# [Solved] rdesktop and vista... Problem

## cgmd

Hi, All...

I've used rdesktop to connect with my xp machines for quite a while, but have replaced one of those machines with a vista machine and rdesktop no longer works...  :Sad: 

I enabled RDP in the vista machine as described here: http://www.howtogeek.com/howto/windows-vista/turn-on-remote-desktop-in-windows-vista/

When I attempt to connect, I get:

```

** (tsclient:9255): WARNING **: 

WARNING: Not compiled with sound support

Autoselected keyboard map en-us

ERROR: recv: Connection reset by peer
```

Am I overlooking something? My rdesktop version is: net-misc/rdesktop-1.6.0

Thanks!

----------

## Hu

Can you RDP to the Vista machine from one of the Windows XP machines, preferably one that has not picked up the new mstsc?  If I recall correctly, Vista introduced some new security features to the RDP implementation, and it may be reacting badly to clients which do not understand those features.  If that produces no leads, check the event log on the Vista system.  Windows error messages generally are not very good, but it might give you a hint.

----------

## cgmd

Hu...

Thanks, you were right on!

Clearing the vista security layer from SSL to RDP permits my gentoo machine to access it...

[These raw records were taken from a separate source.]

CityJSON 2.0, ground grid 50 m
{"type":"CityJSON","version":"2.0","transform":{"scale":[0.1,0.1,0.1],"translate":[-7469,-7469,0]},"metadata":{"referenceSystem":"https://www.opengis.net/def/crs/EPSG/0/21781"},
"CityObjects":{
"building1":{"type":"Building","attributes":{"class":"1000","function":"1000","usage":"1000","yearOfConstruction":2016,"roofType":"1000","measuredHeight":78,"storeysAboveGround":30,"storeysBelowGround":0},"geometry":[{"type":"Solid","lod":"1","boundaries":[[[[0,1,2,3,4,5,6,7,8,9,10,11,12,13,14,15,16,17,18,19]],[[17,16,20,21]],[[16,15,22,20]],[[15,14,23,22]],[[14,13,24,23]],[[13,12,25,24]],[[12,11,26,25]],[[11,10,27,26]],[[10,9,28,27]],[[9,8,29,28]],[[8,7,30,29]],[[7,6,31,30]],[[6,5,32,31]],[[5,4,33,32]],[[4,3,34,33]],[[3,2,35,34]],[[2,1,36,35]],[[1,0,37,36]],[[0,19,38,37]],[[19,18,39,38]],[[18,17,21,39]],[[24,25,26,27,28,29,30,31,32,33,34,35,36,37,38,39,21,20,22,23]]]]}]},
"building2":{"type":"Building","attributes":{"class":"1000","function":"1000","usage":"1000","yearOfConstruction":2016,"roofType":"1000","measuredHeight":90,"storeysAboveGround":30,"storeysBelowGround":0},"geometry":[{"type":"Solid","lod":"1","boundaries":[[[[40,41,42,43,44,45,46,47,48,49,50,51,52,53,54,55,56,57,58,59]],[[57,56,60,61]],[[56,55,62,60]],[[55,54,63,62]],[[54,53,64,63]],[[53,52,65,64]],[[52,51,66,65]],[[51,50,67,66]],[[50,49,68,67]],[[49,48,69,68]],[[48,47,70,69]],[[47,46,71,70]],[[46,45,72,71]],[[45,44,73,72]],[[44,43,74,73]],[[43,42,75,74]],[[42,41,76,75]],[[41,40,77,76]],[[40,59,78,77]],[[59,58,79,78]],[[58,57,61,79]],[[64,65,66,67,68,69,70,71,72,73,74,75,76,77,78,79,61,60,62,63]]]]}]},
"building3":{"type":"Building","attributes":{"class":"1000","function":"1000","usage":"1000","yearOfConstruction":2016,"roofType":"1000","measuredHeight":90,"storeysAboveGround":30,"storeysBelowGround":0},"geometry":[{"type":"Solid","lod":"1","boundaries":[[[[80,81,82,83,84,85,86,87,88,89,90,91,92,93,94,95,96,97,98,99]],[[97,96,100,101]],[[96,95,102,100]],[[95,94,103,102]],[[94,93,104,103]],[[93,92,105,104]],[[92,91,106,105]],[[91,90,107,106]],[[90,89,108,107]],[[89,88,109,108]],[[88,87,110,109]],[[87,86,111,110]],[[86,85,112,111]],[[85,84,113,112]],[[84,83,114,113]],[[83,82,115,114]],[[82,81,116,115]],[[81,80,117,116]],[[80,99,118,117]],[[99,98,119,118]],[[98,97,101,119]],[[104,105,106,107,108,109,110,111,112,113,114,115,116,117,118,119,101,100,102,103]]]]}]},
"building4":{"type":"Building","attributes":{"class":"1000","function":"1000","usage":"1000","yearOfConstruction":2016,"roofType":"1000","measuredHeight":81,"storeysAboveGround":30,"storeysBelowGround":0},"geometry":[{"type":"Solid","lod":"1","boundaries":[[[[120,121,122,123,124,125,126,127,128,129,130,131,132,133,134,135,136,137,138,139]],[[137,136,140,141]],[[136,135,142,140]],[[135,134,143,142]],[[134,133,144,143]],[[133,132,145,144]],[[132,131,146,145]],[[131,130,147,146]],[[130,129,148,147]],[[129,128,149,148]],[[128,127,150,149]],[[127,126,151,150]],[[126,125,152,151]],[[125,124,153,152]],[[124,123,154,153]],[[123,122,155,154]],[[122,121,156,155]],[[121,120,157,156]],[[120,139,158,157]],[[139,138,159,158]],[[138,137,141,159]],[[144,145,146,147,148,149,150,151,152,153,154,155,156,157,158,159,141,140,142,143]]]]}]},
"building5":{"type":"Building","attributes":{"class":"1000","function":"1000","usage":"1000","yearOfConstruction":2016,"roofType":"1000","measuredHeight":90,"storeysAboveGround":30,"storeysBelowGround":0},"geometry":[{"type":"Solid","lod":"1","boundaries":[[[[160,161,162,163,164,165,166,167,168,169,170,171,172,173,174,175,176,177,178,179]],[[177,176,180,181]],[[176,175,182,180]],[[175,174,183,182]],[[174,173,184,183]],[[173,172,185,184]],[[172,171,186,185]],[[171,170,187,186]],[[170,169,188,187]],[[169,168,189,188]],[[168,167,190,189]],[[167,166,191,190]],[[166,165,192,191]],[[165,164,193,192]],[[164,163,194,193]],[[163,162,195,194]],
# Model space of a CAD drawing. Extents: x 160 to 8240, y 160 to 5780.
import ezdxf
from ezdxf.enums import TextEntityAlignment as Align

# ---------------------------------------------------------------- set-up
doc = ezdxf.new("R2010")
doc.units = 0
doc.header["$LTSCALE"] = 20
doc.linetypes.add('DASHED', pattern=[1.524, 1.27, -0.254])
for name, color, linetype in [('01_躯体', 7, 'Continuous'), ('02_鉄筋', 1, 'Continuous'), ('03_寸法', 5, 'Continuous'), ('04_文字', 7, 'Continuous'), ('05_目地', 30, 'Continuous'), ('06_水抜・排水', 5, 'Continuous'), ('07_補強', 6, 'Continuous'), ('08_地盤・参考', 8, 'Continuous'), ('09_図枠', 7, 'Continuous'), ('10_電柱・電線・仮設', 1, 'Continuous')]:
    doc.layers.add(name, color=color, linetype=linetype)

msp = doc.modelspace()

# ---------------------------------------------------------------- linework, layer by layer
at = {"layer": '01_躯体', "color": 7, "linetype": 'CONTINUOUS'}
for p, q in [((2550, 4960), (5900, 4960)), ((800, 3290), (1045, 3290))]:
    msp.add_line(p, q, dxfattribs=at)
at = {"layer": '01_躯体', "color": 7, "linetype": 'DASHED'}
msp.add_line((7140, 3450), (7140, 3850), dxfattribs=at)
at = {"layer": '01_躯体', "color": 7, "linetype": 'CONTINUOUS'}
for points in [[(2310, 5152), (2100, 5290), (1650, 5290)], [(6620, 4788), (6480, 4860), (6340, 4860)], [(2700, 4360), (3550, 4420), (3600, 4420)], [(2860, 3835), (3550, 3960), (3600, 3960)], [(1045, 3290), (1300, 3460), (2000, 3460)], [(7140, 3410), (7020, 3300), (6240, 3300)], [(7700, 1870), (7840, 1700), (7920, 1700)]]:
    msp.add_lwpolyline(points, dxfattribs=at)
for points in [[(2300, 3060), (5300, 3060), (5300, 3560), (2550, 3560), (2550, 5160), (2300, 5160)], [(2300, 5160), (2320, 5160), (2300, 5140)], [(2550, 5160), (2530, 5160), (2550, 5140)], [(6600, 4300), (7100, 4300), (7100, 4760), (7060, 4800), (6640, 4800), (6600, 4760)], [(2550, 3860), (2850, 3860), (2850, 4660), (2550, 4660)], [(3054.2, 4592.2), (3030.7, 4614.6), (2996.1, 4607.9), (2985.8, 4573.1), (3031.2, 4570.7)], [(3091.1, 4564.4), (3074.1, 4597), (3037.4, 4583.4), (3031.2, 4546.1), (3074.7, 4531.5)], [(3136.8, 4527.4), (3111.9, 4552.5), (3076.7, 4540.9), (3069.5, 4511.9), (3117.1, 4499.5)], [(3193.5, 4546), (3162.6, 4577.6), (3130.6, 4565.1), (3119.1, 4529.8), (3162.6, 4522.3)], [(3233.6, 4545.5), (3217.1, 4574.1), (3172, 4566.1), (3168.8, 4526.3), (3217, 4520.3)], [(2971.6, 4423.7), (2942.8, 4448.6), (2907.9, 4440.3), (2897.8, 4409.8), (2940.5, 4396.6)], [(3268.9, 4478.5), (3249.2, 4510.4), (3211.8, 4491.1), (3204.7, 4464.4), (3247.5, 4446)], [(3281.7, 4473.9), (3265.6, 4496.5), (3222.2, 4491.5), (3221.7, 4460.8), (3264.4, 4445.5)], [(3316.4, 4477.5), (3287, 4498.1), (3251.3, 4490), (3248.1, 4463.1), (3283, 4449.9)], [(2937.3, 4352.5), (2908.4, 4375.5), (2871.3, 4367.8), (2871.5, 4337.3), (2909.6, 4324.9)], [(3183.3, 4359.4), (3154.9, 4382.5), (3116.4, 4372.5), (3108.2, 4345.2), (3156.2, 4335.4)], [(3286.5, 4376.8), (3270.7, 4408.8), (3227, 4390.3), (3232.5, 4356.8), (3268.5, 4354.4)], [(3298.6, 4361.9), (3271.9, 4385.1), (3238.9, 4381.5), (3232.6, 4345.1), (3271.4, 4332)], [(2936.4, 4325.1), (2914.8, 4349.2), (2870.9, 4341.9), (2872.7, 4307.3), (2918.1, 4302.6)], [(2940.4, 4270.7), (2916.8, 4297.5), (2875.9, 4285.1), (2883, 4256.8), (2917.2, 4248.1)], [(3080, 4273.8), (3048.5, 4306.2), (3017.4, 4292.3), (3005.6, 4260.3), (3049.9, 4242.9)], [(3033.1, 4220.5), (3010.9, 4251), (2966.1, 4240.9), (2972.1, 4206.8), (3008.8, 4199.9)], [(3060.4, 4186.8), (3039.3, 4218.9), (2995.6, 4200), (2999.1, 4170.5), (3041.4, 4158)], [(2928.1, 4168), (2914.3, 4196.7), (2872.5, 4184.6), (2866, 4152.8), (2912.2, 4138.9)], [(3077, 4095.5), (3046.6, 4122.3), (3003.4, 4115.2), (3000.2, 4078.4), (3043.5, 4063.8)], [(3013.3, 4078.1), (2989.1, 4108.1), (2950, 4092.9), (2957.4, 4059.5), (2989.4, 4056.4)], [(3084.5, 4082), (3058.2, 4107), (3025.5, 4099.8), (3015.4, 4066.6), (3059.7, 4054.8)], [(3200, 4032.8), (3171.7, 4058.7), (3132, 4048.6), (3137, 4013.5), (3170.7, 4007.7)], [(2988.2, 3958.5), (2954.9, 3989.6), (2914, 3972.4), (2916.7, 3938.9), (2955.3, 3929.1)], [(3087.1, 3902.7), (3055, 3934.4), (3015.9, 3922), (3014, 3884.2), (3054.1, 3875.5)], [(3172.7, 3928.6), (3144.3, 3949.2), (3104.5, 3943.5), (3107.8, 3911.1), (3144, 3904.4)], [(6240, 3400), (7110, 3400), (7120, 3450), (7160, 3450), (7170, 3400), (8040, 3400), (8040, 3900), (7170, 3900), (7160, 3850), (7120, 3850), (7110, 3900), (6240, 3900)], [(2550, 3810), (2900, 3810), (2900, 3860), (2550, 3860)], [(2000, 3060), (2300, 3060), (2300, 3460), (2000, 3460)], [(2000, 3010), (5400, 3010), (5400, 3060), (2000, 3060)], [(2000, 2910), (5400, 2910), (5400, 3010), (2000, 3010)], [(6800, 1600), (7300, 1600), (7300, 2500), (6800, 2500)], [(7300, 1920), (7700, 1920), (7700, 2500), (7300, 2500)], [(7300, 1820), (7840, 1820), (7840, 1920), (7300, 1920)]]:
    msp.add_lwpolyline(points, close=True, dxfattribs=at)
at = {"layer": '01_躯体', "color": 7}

Just wondering, now, if that machine is as secure as it should be?   :Confused: 

----------

## samo

How did you change the setting from SSL to RDP?

----------

## cgmd

 *samo wrote:*   

> How did you change the setting from SSL to RDP?

 

The following link explains how to edit the "Group Policy Object" and increase your vista security level: http://articles.techrepublic.com.com/5100-10878_11-6166676.html

Figure "E" in that link depicts the dialogue for choosing your desired security layer. 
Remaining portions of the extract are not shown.